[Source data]
****************
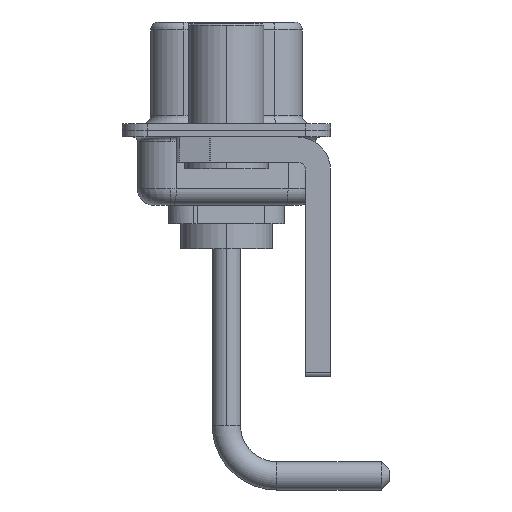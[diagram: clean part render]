
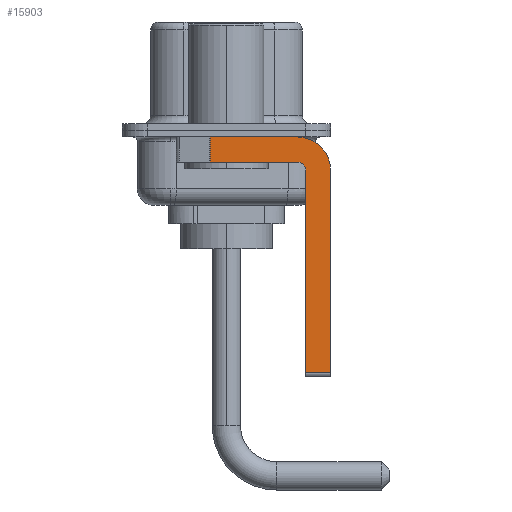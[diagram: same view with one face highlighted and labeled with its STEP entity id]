
A CAD part, left-side view. The second image highlights one B-rep face of the part: STEP entity #15903.
In plain terms, the highlighted planar face has unit normal (-1, 0, 0).
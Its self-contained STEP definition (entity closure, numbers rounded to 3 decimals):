
#399 = ORIENTED_EDGE ( 'NONE', *, *, #5888, .F. ) ;
#944 = LINE ( 'NONE', #2456, #12686 ) ;
#1012 = CARTESIAN_POINT ( 'NONE',  ( -2.9, -4.75, -2.4 ) ) ;
#1461 = VERTEX_POINT ( 'NONE', #4950 ) ;
#1514 = AXIS2_PLACEMENT_3D ( 'NONE', #13701, #12383, #6743 ) ;
#1962 = DIRECTION ( 'NONE',  ( 1., 0., 0. ) ) ;
#2009 = CARTESIAN_POINT ( 'NONE',  ( -2.9, 0.978, -0.4 ) ) ;
#2073 = CARTESIAN_POINT ( 'NONE',  ( -2.9, 0.978, -1.9 ) ) ;
#2147 = ORIENTED_EDGE ( 'NONE', *, *, #17000, .T. ) ;
#2456 = CARTESIAN_POINT ( 'NONE',  ( -2.9, -4.25, -14.55 ) ) ;
#2719 = EDGE_CURVE ( 'NONE', #13633, #4278, #10692, .T. ) ;
#2822 = EDGE_CURVE ( 'NONE', #7375, #4278, #17948, .T. ) ;
#2830 = CARTESIAN_POINT ( 'NONE',  ( -2.9, -6.25, -14.55 ) ) ;
#3237 = LINE ( 'NONE', #17609, #16598 ) ;
#3675 = LINE ( 'NONE', #10606, #12658 ) ;
#4066 = VECTOR ( 'NONE', #6197, 1000. ) ;
#4278 = VERTEX_POINT ( 'NONE', #2073 ) ;
#4601 = FACE_OUTER_BOUND ( 'NONE', #4966, .T. ) ;
#4872 = DIRECTION ( 'NONE',  ( 0., 0., -1. ) ) ;
#4926 = CARTESIAN_POINT ( 'NONE',  ( -2.9, -4.75, -14.55 ) ) ;
#4950 = CARTESIAN_POINT ( 'NONE',  ( -2.9, -4.25, -0.4 ) ) ;
#4966 = EDGE_LOOP ( 'NONE', ( #16523, #8882, #7503, #14026, #16765, #2147, #5736, #399 ) ) ;
#5339 = AXIS2_PLACEMENT_3D ( 'NONE', #11173, #9760, #9942 ) ;
#5736 = ORIENTED_EDGE ( 'NONE', *, *, #10295, .F. ) ;
#5888 = EDGE_CURVE ( 'NONE', #1461, #18556, #17043, .T. ) ;
#6197 = DIRECTION ( 'NONE',  ( 0., 0., -1. ) ) ;
#6698 = DIRECTION ( 'NONE',  ( 0., 0., -1. ) ) ;
#6743 = DIRECTION ( 'NONE',  ( 0., 0., 1. ) ) ;
#6953 = AXIS2_PLACEMENT_3D ( 'NONE', #17562, #1962, #4872 ) ;
#7375 = VERTEX_POINT ( 'NONE', #8807 ) ;
#7503 = ORIENTED_EDGE ( 'NONE', *, *, #2822, .F. ) ;
#7632 = VERTEX_POINT ( 'NONE', #1012 ) ;
#8102 = CARTESIAN_POINT ( 'NONE',  ( -2.9, -6.25, -2.4 ) ) ;
#8159 = DIRECTION ( 'NONE',  ( 0., -1., 0. ) ) ;
#8172 = VERTEX_POINT ( 'NONE', #2830 ) ;
#8433 = EDGE_CURVE ( 'NONE', #7632, #7375, #16211, .T. ) ;
#8807 = CARTESIAN_POINT ( 'NONE',  ( -2.9, -4.25, -1.9 ) ) ;
#8882 = ORIENTED_EDGE ( 'NONE', *, *, #2719, .T. ) ;
#9190 = CARTESIAN_POINT ( 'NONE',  ( -2.9, 0.978, -1.9 ) ) ;
#9227 = DIRECTION ( 'NONE',  ( 0., -1., 0. ) ) ;
#9760 = DIRECTION ( 'NONE',  ( 1., 0., 0. ) ) ;
#9872 = LINE ( 'NONE', #8102, #17773 ) ;
#9942 = DIRECTION ( 'NONE',  ( 0., 0., -1. ) ) ;
#10044 = VERTEX_POINT ( 'NONE', #4926 ) ;
#10295 = EDGE_CURVE ( 'NONE', #18556, #8172, #9872, .T. ) ;
#10606 = CARTESIAN_POINT ( 'NONE',  ( -2.9, -4.75, -14.8 ) ) ;
#10692 = LINE ( 'NONE', #9190, #4066 ) ;
#11173 = CARTESIAN_POINT ( 'NONE',  ( -2.9, -4.25, -2.4 ) ) ;
#12383 = DIRECTION ( 'NONE',  ( -1., 0., 0. ) ) ;
#12658 = VECTOR ( 'NONE', #14945, 1000. ) ;
#12686 = VECTOR ( 'NONE', #8159, 1000. ) ;
#13633 = VERTEX_POINT ( 'NONE', #2009 ) ;
#13701 = CARTESIAN_POINT ( 'NONE',  ( -2.9, -4.25, -2.4 ) ) ;
#14026 = ORIENTED_EDGE ( 'NONE', *, *, #8433, .F. ) ;
#14255 = EDGE_CURVE ( 'NONE', #10044, #7632, #3675, .T. ) ;
#14450 = PLANE ( 'NONE',  #6953 ) ;
#14856 = VECTOR ( 'NONE', #15213, 1000. ) ;
#14945 = DIRECTION ( 'NONE',  ( 0., 0., 1. ) ) ;
#14973 = EDGE_CURVE ( 'NONE', #13633, #1461, #3237, .T. ) ;
#15213 = DIRECTION ( 'NONE',  ( 0., 1., 0. ) ) ;
#15903 = ADVANCED_FACE ( 'NONE', ( #4601 ), #14450, .F. ) ;
#16211 = CIRCLE ( 'NONE', #1514, 0.5 ) ;
#16523 = ORIENTED_EDGE ( 'NONE', *, *, #14973, .F. ) ;
#16598 = VECTOR ( 'NONE', #9227, 1000. ) ;
#16765 = ORIENTED_EDGE ( 'NONE', *, *, #14255, .F. ) ;
#17000 = EDGE_CURVE ( 'NONE', #10044, #8172, #944, .T. ) ;
#17043 = CIRCLE ( 'NONE', #5339, 2. ) ;
#17254 = CARTESIAN_POINT ( 'NONE',  ( -2.9, -6.25, -2.4 ) ) ;
#17562 = CARTESIAN_POINT ( 'NONE',  ( -2.9, -4.25, -2.4 ) ) ;
#17609 = CARTESIAN_POINT ( 'NONE',  ( -2.9, 3., -0.4 ) ) ;
#17773 = VECTOR ( 'NONE', #6698, 1000. ) ;
#17850 = CARTESIAN_POINT ( 'NONE',  ( -2.9, -4.25, -1.9 ) ) ;
#17948 = LINE ( 'NONE', #17850, #14856 ) ;
#18556 = VERTEX_POINT ( 'NONE', #17254 ) ;
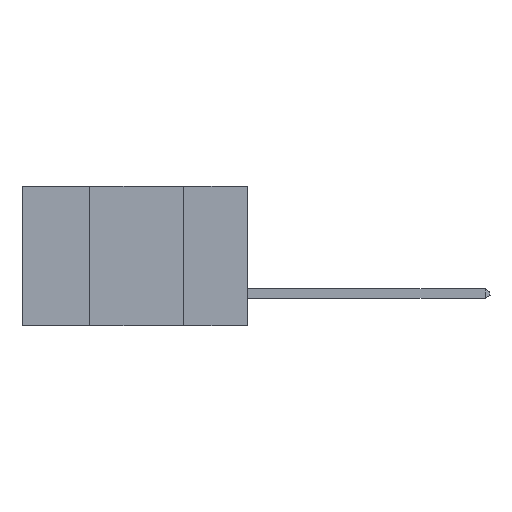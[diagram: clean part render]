
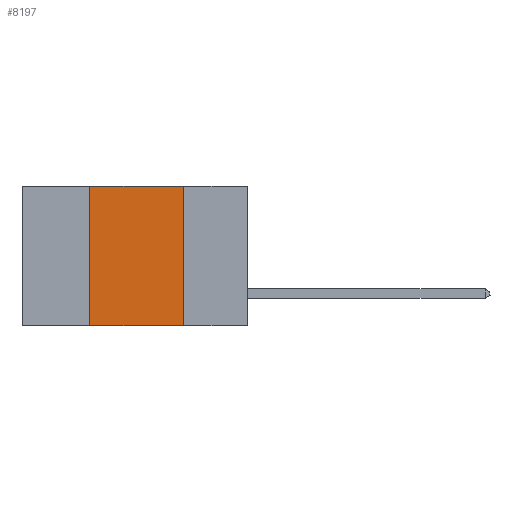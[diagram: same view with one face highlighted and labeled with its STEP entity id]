
A CAD part, left-side view. The second image highlights one B-rep face of the part: STEP entity #8197.
In plain terms, the highlighted planar face has unit normal (-1, 0, 0).
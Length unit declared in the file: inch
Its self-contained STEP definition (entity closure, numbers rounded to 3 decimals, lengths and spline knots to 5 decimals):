
#32 = CARTESIAN_POINT ( 'NONE',  ( 0., 0.42, 0. ) ) ;
#34 = CARTESIAN_POINT ( 'NONE',  ( 0., 0.17, 0. ) ) ;
#429 = ORIENTED_EDGE ( 'NONE', *, *, #3889, .F. ) ;
#957 = DIRECTION ( 'NONE',  ( 0., 0., -1. ) ) ;
#1319 = DIRECTION ( 'NONE',  ( 0., 0., 1. ) ) ;
#1561 = ORIENTED_EDGE ( 'NONE', *, *, #4535, .F. ) ;
#2072 = DIRECTION ( 'NONE',  ( 0., 0., -1. ) ) ;
#2234 = AXIS2_PLACEMENT_3D ( 'NONE', #6200, #6087, #957 ) ;
#2437 = LINE ( 'NONE', #9779, #2568 ) ;
#2568 = VECTOR ( 'NONE', #2072, 39.37008 ) ;
#2603 = VERTEX_POINT ( 'NONE', #32 ) ;
#3101 = EDGE_CURVE ( 'NONE', #5157, #2603, #9584, .T. ) ;
#3258 = FACE_OUTER_BOUND ( 'NONE', #5570, .T. ) ;
#3471 = ORIENTED_EDGE ( 'NONE', *, *, #3101, .F. ) ;
#3886 = VECTOR ( 'NONE', #4782, 39.37008 ) ;
#3889 = EDGE_CURVE ( 'NONE', #9882, #4099, #2437, .T. ) ;
#4099 = VERTEX_POINT ( 'NONE', #9204 ) ;
#4362 = PLANE ( 'NONE',  #2234 ) ;
#4535 = EDGE_CURVE ( 'NONE', #2603, #9882, #5109, .T. ) ;
#4574 = EDGE_CURVE ( 'NONE', #5157, #4099, #9021, .T. ) ;
#4742 = CARTESIAN_POINT ( 'NONE',  ( 0., 0.6, 0. ) ) ;
#4782 = DIRECTION ( 'NONE',  ( 0., -1., 0. ) ) ;
#5109 = LINE ( 'NONE', #4742, #3886 ) ;
#5157 = VERTEX_POINT ( 'NONE', #9336 ) ;
#5570 = EDGE_LOOP ( 'NONE', ( #429, #1561, #3471, #6464 ) ) ;
#5661 = VECTOR ( 'NONE', #1319, 39.37008 ) ;
#6087 = DIRECTION ( 'NONE',  ( 1., 0., 0. ) ) ;
#6200 = CARTESIAN_POINT ( 'NONE',  ( 0., 0.6, 0. ) ) ;
#6464 = ORIENTED_EDGE ( 'NONE', *, *, #4574, .T. ) ;
#7259 = DIRECTION ( 'NONE',  ( 0., -1., 0. ) ) ;
#8110 = CARTESIAN_POINT ( 'NONE',  ( 0., 0.6, -0.37 ) ) ;
#8197 = ADVANCED_FACE ( 'NONE', ( #3258 ), #4362, .F. ) ;
#8964 = CARTESIAN_POINT ( 'NONE',  ( 0., 0.42, 0. ) ) ;
#9021 = LINE ( 'NONE', #8110, #11001 ) ;
#9204 = CARTESIAN_POINT ( 'NONE',  ( 0., 0.17, -0.37 ) ) ;
#9336 = CARTESIAN_POINT ( 'NONE',  ( 0., 0.42, -0.37 ) ) ;
#9584 = LINE ( 'NONE', #8964, #5661 ) ;
#9779 = CARTESIAN_POINT ( 'NONE',  ( 0., 0.17, 0. ) ) ;
#9882 = VERTEX_POINT ( 'NONE', #34 ) ;
#11001 = VECTOR ( 'NONE', #7259, 39.37008 ) ;
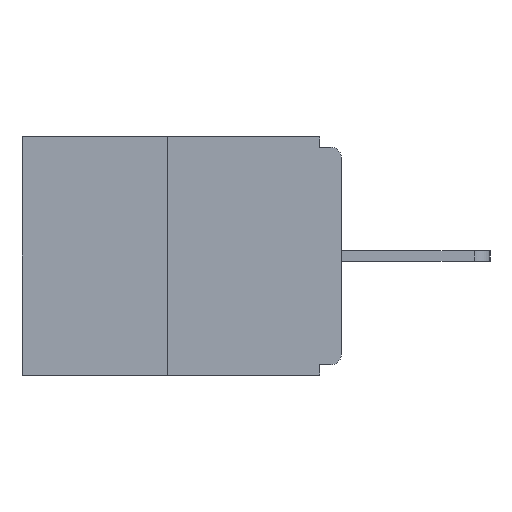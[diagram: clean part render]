
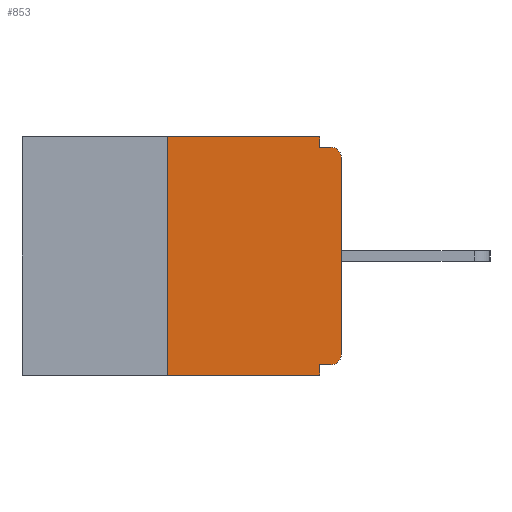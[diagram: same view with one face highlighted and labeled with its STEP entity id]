
A CAD part, left-side view. The second image highlights one B-rep face of the part: STEP entity #853.
In plain terms, the highlighted planar face has unit normal (-1, 0, 0).
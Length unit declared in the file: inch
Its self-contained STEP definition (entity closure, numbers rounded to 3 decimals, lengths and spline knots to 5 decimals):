
#276 = VERTEX_POINT ( 'NONE', #11798 ) ;
#513 = EDGE_CURVE ( 'NONE', #2799, #4512, #6079, .T. ) ;
#515 = LINE ( 'NONE', #16411, #2489 ) ;
#771 = EDGE_CURVE ( 'NONE', #15793, #928, #515, .T. ) ;
#853 = ADVANCED_FACE ( 'NONE', ( #12363 ), #9843, .F. ) ;
#881 = ORIENTED_EDGE ( 'NONE', *, *, #513, .T. ) ;
#928 = VERTEX_POINT ( 'NONE', #7661 ) ;
#1189 = LINE ( 'NONE', #7752, #12758 ) ;
#1364 = CARTESIAN_POINT ( 'NONE',  ( 0., 0.25, 0. ) ) ;
#1995 = DIRECTION ( 'NONE',  ( 0., 0., -1. ) ) ;
#2345 = ORIENTED_EDGE ( 'NONE', *, *, #15077, .T. ) ;
#2489 = VECTOR ( 'NONE', #7001, 39.37008 ) ;
#2735 = AXIS2_PLACEMENT_3D ( 'NONE', #5003, #10118, #15572 ) ;
#2758 = DIRECTION ( 'NONE',  ( 0., 0., -1. ) ) ;
#2799 = VERTEX_POINT ( 'NONE', #15562 ) ;
#2937 = VERTEX_POINT ( 'NONE', #1364 ) ;
#3363 = VECTOR ( 'NONE', #11995, 39.37008 ) ;
#3475 = ORIENTED_EDGE ( 'NONE', *, *, #10178, .T. ) ;
#3497 = DIRECTION ( 'NONE',  ( 0., 0., -1. ) ) ;
#3782 = AXIS2_PLACEMENT_3D ( 'NONE', #8729, #14007, #3497 ) ;
#4512 = VERTEX_POINT ( 'NONE', #15700 ) ;
#4514 = EDGE_CURVE ( 'NONE', #16631, #928, #11551, .T. ) ;
#4686 = AXIS2_PLACEMENT_3D ( 'NONE', #5774, #7163, #15138 ) ;
#4707 = VECTOR ( 'NONE', #2758, 39.37008 ) ;
#4799 = DIRECTION ( 'NONE',  ( 0., 1., 0. ) ) ;
#4885 = CARTESIAN_POINT ( 'NONE',  ( 0., 0.25, -0.343 ) ) ;
#4890 = ORIENTED_EDGE ( 'NONE', *, *, #13958, .F. ) ;
#5003 = CARTESIAN_POINT ( 'NONE',  ( 0., 0.015, -0.313 ) ) ;
#5388 = LINE ( 'NONE', #9547, #3363 ) ;
#5774 = CARTESIAN_POINT ( 'NONE',  ( 0., 0.46, 0. ) ) ;
#5976 = LINE ( 'NONE', #11256, #16583 ) ;
#6079 = CIRCLE ( 'NONE', #2735, 0.015 ) ;
#6521 = CARTESIAN_POINT ( 'NONE',  ( 0., 0.031, -0.343 ) ) ;
#6788 = CARTESIAN_POINT ( 'NONE',  ( 0., 0.031, -0.328 ) ) ;
#7001 = DIRECTION ( 'NONE',  ( 0., -1., 0. ) ) ;
#7163 = DIRECTION ( 'NONE',  ( 1., 0., 0. ) ) ;
#7244 = VECTOR ( 'NONE', #11758, 39.37008 ) ;
#7304 = VERTEX_POINT ( 'NONE', #6521 ) ;
#7661 = CARTESIAN_POINT ( 'NONE',  ( 0., 0.015, -0.015 ) ) ;
#7752 = CARTESIAN_POINT ( 'NONE',  ( 0., 0., -0.328 ) ) ;
#7817 = EDGE_LOOP ( 'NONE', ( #8438, #4890, #2345, #15102, #13471, #881, #3475, #11002, #8181, #14841 ) ) ;
#7961 = CARTESIAN_POINT ( 'NONE',  ( 0., 0.031, -0.343 ) ) ;
#8181 = ORIENTED_EDGE ( 'NONE', *, *, #771, .F. ) ;
#8434 = LINE ( 'NONE', #13698, #7244 ) ;
#8438 = ORIENTED_EDGE ( 'NONE', *, *, #10221, .F. ) ;
#8696 = CARTESIAN_POINT ( 'NONE',  ( 0., 0.031, -0.015 ) ) ;
#8729 = CARTESIAN_POINT ( 'NONE',  ( 0., 0.015, -0.03 ) ) ;
#9465 = VECTOR ( 'NONE', #11034, 39.37008 ) ;
#9547 = CARTESIAN_POINT ( 'NONE',  ( 0., 0., 0. ) ) ;
#9629 = CARTESIAN_POINT ( 'NONE',  ( 0., 0.46, 0. ) ) ;
#9843 = PLANE ( 'NONE',  #4686 ) ;
#10118 = DIRECTION ( 'NONE',  ( -1., 0., 0. ) ) ;
#10178 = EDGE_CURVE ( 'NONE', #4512, #16631, #5388, .T. ) ;
#10221 = EDGE_CURVE ( 'NONE', #2937, #276, #10681, .T. ) ;
#10681 = LINE ( 'NONE', #9629, #15264 ) ;
#11002 = ORIENTED_EDGE ( 'NONE', *, *, #4514, .T. ) ;
#11034 = DIRECTION ( 'NONE',  ( 0., -1., 0. ) ) ;
#11256 = CARTESIAN_POINT ( 'NONE',  ( 0., 0.031, 0. ) ) ;
#11551 = CIRCLE ( 'NONE', #3782, 0.015 ) ;
#11758 = DIRECTION ( 'NONE',  ( 0., 0., 1. ) ) ;
#11798 = CARTESIAN_POINT ( 'NONE',  ( 0., 0.031, 0. ) ) ;
#11995 = DIRECTION ( 'NONE',  ( 0., 0., 1. ) ) ;
#12342 = LINE ( 'NONE', #15035, #9465 ) ;
#12363 = FACE_OUTER_BOUND ( 'NONE', #7817, .T. ) ;
#12689 = VERTEX_POINT ( 'NONE', #6788 ) ;
#12758 = VECTOR ( 'NONE', #4799, 39.37008 ) ;
#13077 = EDGE_CURVE ( 'NONE', #12689, #7304, #15831, .T. ) ;
#13198 = EDGE_CURVE ( 'NONE', #276, #15793, #5976, .T. ) ;
#13471 = ORIENTED_EDGE ( 'NONE', *, *, #13749, .F. ) ;
#13698 = CARTESIAN_POINT ( 'NONE',  ( 0., 0.25, 0. ) ) ;
#13749 = EDGE_CURVE ( 'NONE', #2799, #12689, #1189, .T. ) ;
#13958 = EDGE_CURVE ( 'NONE', #16197, #2937, #8434, .T. ) ;
#14007 = DIRECTION ( 'NONE',  ( -1., 0., 0. ) ) ;
#14263 = CARTESIAN_POINT ( 'NONE',  ( 0., 0., -0.03 ) ) ;
#14841 = ORIENTED_EDGE ( 'NONE', *, *, #13198, .F. ) ;
#15035 = CARTESIAN_POINT ( 'NONE',  ( 0., 0.46, -0.343 ) ) ;
#15077 = EDGE_CURVE ( 'NONE', #16197, #7304, #12342, .T. ) ;
#15102 = ORIENTED_EDGE ( 'NONE', *, *, #13077, .F. ) ;
#15138 = DIRECTION ( 'NONE',  ( 0., 0., -1. ) ) ;
#15264 = VECTOR ( 'NONE', #16273, 39.37008 ) ;
#15562 = CARTESIAN_POINT ( 'NONE',  ( 0., 0.015, -0.328 ) ) ;
#15572 = DIRECTION ( 'NONE',  ( 0., 0., -1. ) ) ;
#15700 = CARTESIAN_POINT ( 'NONE',  ( 0., 0., -0.313 ) ) ;
#15793 = VERTEX_POINT ( 'NONE', #8696 ) ;
#15831 = LINE ( 'NONE', #7961, #4707 ) ;
#16197 = VERTEX_POINT ( 'NONE', #4885 ) ;
#16273 = DIRECTION ( 'NONE',  ( 0., -1., 0. ) ) ;
#16411 = CARTESIAN_POINT ( 'NONE',  ( 0., 0., -0.015 ) ) ;
#16583 = VECTOR ( 'NONE', #1995, 39.37008 ) ;
#16631 = VERTEX_POINT ( 'NONE', #14263 ) ;
****************
Your answer must consist solely of the lines above between the line holding "#4535 = EDGE_CURVE" and the line holding "#9204 = CARTESIAN_POINT", inclusive, copied exactly.

#4535 = EDGE_CURVE ( 'NONE', #2603, #9882, #5109, .T. ) ;
#4574 = EDGE_CURVE ( 'NONE', #5157, #4099, #9021, .T. ) ;
#4742 = CARTESIAN_POINT ( 'NONE',  ( 0., 0.6, 0. ) ) ;
#4782 = DIRECTION ( 'NONE',  ( 0., -1., 0. ) ) ;
#5109 = LINE ( 'NONE', #4742, #3886 ) ;
#5157 = VERTEX_POINT ( 'NONE', #9336 ) ;
#5570 = EDGE_LOOP ( 'NONE', ( #429, #1561, #3471, #6464 ) ) ;
#5661 = VECTOR ( 'NONE', #1319, 39.37008 ) ;
#6087 = DIRECTION ( 'NONE',  ( 1., 0., 0. ) ) ;
#6200 = CARTESIAN_POINT ( 'NONE',  ( 0., 0.6, 0. ) ) ;
#6464 = ORIENTED_EDGE ( 'NONE', *, *, #4574, .T. ) ;
#7259 = DIRECTION ( 'NONE',  ( 0., -1., 0. ) ) ;
#8110 = CARTESIAN_POINT ( 'NONE',  ( 0., 0.6, -0.37 ) ) ;
#8197 = ADVANCED_FACE ( 'NONE', ( #3258 ), #4362, .F. ) ;
#8964 = CARTESIAN_POINT ( 'NONE',  ( 0., 0.42, 0. ) ) ;
#9021 = LINE ( 'NONE', #8110, #11001 ) ;
#9204 = CARTESIAN_POINT ( 'NONE',  ( 0., 0.17, -0.37 ) ) ;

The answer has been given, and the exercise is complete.